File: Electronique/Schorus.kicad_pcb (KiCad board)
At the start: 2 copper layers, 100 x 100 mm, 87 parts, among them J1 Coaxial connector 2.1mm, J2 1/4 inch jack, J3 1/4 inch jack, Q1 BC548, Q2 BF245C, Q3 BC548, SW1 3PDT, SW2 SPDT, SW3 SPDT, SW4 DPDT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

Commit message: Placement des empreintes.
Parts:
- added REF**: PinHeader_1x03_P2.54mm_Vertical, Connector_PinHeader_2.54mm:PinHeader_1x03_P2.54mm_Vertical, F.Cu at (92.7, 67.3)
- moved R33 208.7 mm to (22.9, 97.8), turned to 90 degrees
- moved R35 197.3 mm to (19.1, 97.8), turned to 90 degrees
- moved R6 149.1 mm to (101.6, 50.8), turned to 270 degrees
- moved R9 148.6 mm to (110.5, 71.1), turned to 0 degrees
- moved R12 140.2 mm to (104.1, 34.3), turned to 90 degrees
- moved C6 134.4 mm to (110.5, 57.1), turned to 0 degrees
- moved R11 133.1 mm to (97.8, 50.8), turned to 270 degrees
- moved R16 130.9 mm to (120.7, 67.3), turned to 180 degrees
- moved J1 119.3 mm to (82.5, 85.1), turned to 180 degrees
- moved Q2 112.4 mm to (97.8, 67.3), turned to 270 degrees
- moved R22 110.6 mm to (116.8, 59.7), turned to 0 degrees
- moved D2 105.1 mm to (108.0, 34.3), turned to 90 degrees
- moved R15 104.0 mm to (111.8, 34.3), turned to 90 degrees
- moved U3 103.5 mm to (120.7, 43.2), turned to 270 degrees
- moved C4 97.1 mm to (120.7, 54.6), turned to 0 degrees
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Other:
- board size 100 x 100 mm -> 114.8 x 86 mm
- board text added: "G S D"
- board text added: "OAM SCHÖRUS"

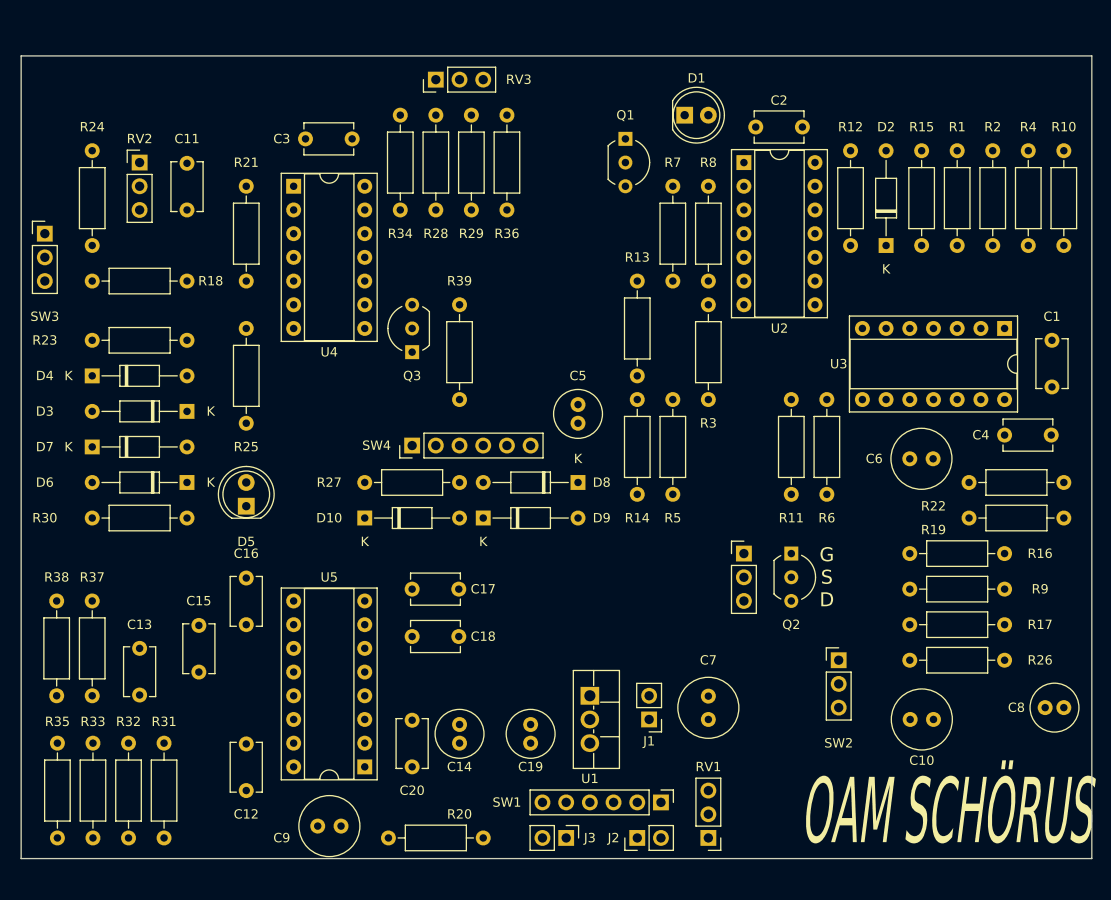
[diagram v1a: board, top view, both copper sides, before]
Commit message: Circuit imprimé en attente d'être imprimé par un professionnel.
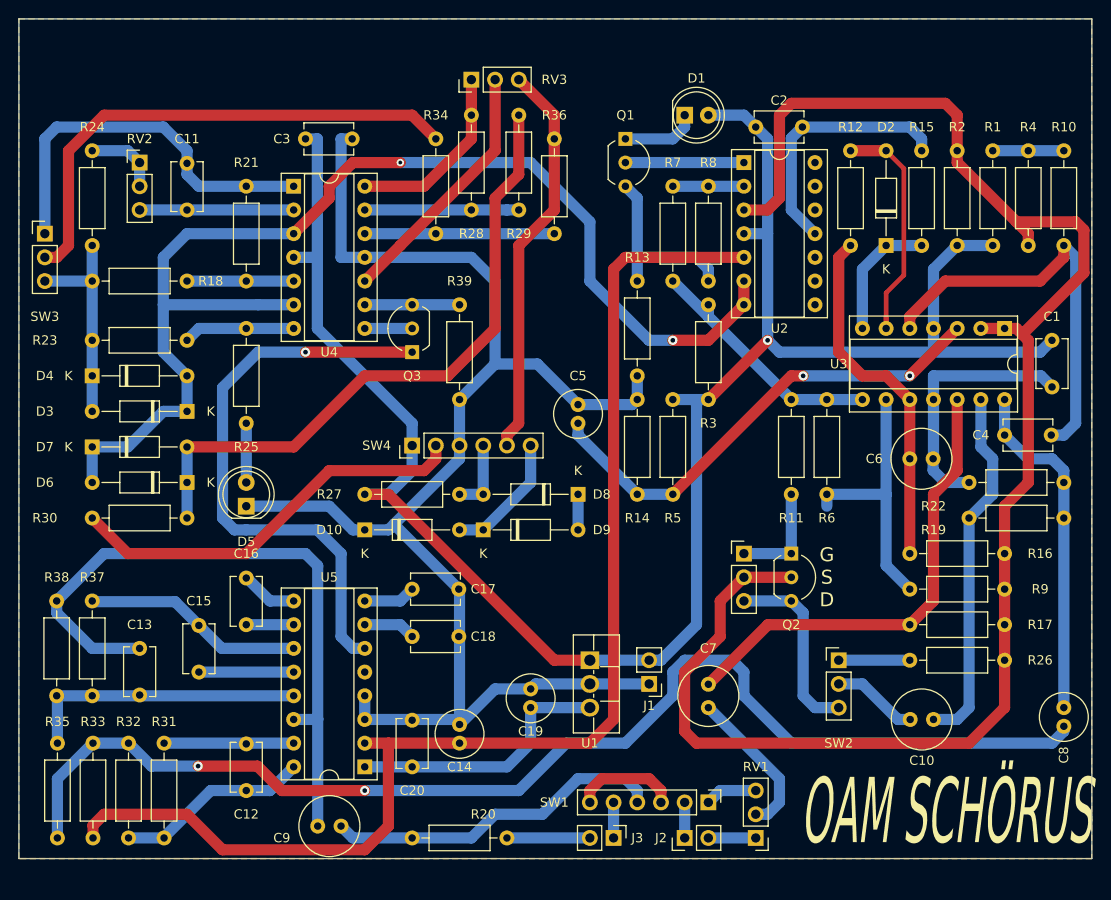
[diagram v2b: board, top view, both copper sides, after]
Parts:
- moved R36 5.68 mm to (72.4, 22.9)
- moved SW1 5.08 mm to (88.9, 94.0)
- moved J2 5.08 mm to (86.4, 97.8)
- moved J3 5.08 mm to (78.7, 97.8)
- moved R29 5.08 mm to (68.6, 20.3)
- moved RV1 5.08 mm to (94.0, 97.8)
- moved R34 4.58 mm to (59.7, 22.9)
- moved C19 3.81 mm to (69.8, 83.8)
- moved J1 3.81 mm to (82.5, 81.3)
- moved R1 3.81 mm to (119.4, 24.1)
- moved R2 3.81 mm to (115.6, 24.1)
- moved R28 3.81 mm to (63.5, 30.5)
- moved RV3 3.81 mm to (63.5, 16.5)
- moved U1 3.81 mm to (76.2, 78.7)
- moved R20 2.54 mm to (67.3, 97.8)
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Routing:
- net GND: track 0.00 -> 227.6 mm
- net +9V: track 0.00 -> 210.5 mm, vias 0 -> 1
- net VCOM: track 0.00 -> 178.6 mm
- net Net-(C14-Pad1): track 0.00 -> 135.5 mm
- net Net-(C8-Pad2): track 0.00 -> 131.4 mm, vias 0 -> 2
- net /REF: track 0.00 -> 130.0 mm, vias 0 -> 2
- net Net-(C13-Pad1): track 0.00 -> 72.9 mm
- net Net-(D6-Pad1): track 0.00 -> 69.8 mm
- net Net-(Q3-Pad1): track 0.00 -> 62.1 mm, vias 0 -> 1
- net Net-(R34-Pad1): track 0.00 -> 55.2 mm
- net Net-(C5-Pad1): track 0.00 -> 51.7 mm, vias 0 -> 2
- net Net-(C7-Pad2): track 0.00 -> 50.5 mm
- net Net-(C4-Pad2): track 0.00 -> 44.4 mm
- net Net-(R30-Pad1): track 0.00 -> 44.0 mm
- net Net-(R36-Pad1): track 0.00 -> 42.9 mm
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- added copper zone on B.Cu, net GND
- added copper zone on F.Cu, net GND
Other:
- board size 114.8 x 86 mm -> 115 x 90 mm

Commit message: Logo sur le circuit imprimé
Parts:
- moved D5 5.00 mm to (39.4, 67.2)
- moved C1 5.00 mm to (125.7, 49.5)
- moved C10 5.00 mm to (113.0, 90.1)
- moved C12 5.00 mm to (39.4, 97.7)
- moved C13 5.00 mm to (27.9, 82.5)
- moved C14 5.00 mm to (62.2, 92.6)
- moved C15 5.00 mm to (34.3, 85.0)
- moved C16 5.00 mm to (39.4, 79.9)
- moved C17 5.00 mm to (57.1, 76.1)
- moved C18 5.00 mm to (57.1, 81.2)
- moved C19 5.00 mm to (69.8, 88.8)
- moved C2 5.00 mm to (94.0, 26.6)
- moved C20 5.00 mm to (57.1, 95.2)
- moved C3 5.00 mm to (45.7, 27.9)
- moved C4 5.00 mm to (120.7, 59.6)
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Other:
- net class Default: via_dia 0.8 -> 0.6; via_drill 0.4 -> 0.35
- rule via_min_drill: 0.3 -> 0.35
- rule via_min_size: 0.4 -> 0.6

WORK TO COMPLETE:
From the records above, quote only the lines running from the line with "Commit message: Placement des empreintes." to the line with "- moved D2 105.1", both lines included.

ANSWER TO THIS EXERCISE:
Commit message: Placement des empreintes.
Parts:
- added REF**: PinHeader_1x03_P2.54mm_Vertical, Connector_PinHeader_2.54mm:PinHeader_1x03_P2.54mm_Vertical, F.Cu at (92.7, 67.3)
- moved R33 208.7 mm to (22.9, 97.8), turned to 90 degrees
- moved R35 197.3 mm to (19.1, 97.8), turned to 90 degrees
- moved R6 149.1 mm to (101.6, 50.8), turned to 270 degrees
- moved R9 148.6 mm to (110.5, 71.1), turned to 0 degrees
- moved R12 140.2 mm to (104.1, 34.3), turned to 90 degrees
- moved C6 134.4 mm to (110.5, 57.1), turned to 0 degrees
- moved R11 133.1 mm to (97.8, 50.8), turned to 270 degrees
- moved R16 130.9 mm to (120.7, 67.3), turned to 180 degrees
- moved J1 119.3 mm to (82.5, 85.1), turned to 180 degrees
- moved Q2 112.4 mm to (97.8, 67.3), turned to 270 degrees
- moved R22 110.6 mm to (116.8, 59.7), turned to 0 degrees
- moved D2 105.1 mm to (108.0, 34.3), turned to 90 degrees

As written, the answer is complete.